Love :how to get over one sided love

How To Move On From One-Sided Love

About 2 years back I was a person who was suffering for one sided love. All I wanted was that guy and tried my best to get him but due to some misunderstandings everything went wrong. There is always a time in everyone’s life in which he or she has to suffer from one sided love.

As human beings, we all have the ability to recover, renew our spirits, and help ourselves get out of this miserable situation.  Learning how to get over an ex and move on can help you feel stronger, more independent, and ready to meet someone who will offer you mutual happiness. So here are some of the tips which could help in getting move on.

1. Recognize what’s going on.

Recognize what’s going on.

 

  • Are you always the one to say “I love you” first?
  • Do you generally have to be the one to suggest that the two of you spend time together?
  • Are you usually the one doing sweet things for your significant other, while she rarely seems to think of you?

2. Acknowledge the problems.

 Acknowledge the problems. 

Many people lie to themselves during or after an unhealthy relationship. They try to convince themselves that things were generally good, that the person did actually care for them, and they may wonder whether it was a mistake to end the relationship. However, there absolutely is a reason you ended the relationship. And even if some parts of that relationship were comforting or pleasant, that does not justify or excuse the bad times.

  • Any time you find yourself questioning whether it was right to end the relationship, think back to the things that made you so unhappy. Deep down you will probably recognize that you could not realistically live with those unpleasant qualities, such as a lack of emotion or support.

 

3.  It’s ok to be upset while in love.

Allow yourself to be upset.

 It’s okay to feel distressed after ending a relationship, especially one in which you were not cared for or respected. You may be feeling sad and lonely, or you may be feeling stronger emotions like worthlessness or self-doubt. It’s perfectly okay to feel these things after ending a relationship, and it’s healthy to mourn the loss of the relationship, but it’s important that you don’t believe any the self-doubting thoughts you might be experiencing.
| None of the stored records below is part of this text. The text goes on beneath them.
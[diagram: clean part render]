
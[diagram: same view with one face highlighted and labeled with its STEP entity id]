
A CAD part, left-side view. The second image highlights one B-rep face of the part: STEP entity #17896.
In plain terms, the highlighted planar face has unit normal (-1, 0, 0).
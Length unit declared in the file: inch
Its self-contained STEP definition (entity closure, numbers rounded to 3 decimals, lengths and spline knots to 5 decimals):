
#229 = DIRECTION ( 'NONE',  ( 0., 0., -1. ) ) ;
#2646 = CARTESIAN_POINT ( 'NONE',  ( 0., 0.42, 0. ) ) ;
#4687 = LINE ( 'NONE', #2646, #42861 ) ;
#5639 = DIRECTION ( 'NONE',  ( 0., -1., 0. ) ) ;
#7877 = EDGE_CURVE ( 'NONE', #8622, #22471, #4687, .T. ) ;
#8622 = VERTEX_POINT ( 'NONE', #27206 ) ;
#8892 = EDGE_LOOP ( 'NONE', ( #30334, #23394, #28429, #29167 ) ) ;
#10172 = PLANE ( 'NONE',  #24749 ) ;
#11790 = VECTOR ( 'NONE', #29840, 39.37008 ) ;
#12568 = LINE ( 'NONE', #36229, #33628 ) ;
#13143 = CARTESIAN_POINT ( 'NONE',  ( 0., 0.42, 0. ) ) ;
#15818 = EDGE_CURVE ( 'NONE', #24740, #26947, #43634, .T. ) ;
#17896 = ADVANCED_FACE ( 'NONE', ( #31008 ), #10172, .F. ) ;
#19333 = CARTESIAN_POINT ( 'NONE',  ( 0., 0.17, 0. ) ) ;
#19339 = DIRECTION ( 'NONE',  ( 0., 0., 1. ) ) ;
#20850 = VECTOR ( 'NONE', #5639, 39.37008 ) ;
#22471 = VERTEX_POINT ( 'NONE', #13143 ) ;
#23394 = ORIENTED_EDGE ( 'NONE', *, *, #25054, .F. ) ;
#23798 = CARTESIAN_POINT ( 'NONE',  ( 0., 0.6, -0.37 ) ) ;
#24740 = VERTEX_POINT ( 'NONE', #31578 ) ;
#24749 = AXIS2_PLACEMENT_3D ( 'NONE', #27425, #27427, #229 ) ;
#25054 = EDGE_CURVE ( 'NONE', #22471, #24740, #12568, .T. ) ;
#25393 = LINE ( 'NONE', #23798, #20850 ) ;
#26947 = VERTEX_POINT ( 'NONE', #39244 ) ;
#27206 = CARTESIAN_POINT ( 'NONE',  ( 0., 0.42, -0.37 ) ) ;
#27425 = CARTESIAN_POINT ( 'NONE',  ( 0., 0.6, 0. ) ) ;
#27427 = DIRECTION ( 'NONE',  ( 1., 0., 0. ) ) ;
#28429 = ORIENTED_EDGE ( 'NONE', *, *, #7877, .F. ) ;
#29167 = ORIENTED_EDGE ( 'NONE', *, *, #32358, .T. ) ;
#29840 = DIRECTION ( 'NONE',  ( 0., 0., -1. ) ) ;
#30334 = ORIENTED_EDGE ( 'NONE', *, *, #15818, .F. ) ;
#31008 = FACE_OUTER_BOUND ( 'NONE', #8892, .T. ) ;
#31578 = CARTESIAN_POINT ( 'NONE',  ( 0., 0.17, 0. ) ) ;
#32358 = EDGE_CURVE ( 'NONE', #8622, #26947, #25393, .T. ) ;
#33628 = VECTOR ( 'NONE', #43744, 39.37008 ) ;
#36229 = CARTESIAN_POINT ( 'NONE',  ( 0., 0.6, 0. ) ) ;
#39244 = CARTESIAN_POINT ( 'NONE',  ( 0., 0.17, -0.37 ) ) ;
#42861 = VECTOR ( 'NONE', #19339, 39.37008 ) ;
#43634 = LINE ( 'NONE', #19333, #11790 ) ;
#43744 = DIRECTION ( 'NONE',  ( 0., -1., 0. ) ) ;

4.Remember hurt is temporary in love.

 Remember that the hurt is temporary. 

When any relationship ends, it’s easy to feel as though we’ll mourn forever. But the reality is that simply isn’t true. The way you feel during a relationship’s termination is temporary, and the self-doubt you may experience is completely unfounded.

  • Any feelings of doubt or negativity stem from insecurity, sadness, and fear. They do not stem from your actual experiences, and they are not an accurate reflection of who you are or what you deserve.

6. Focus on today.

                                          Focus on today.

 

You aren’t going to move past the hurt feelings overnight, and you’re not going to find the perfect relationship overnight. All you can do is take one day at a time. Focus on feeling better today, and little by little you will. Don’t worry about moving on or finding a new relationship until you’ve adequately gotten through the hard times and the hurt.

Do little things for yourself each day to feel good about yourself and confident in your worth.

Don’t try to rush any part of the process. All you can do is work on yourself today and trust that you’ll be ready for the next relationship when the time comes.

7. Don’t lose hope.

                                                            Don't lose hope.

 When a relationship has ended, you may still hope that you’ll be able to fix things – that the person you cared about will realize his or her errors, and work on learning to love and respect you. Eventually, you’ll realize that that person will not change. But when that happens, it’s important not to lose hope altogether. You simply need to convert that hope into hope for the future. You’ll realize that you want to move on, and at some point you’ll hope you can live a happier and more fulfilling life now that that person is out of your life.

8. Look forward 

 Look forward to the future. love 1

Though it may be difficult to see in the moment, you’re ultimately setting yourself up for greater happiness and fulfillment in future relationships by ending an unhealthy one. You recognized that the previous relationship was unhealthy and unfulfilling, and you made the right decision to get out of it. Once you move on from the hurt, you’ll feel happier, more vibrant, and you’ll open yourself to the better relationship that you deserve.

9. You deserve happiness.

                                                           love happy
 If you’re recovering from a relationship in which you were not loved or respected, you may have internalized a lot of the suffering that stemmed from that relationship. Perhaps you might even doubt the fact that you deserve to be happy. But the truth is you do deserve to be happy – everyone does. And you also deserve someone who will make you feel good about yourself.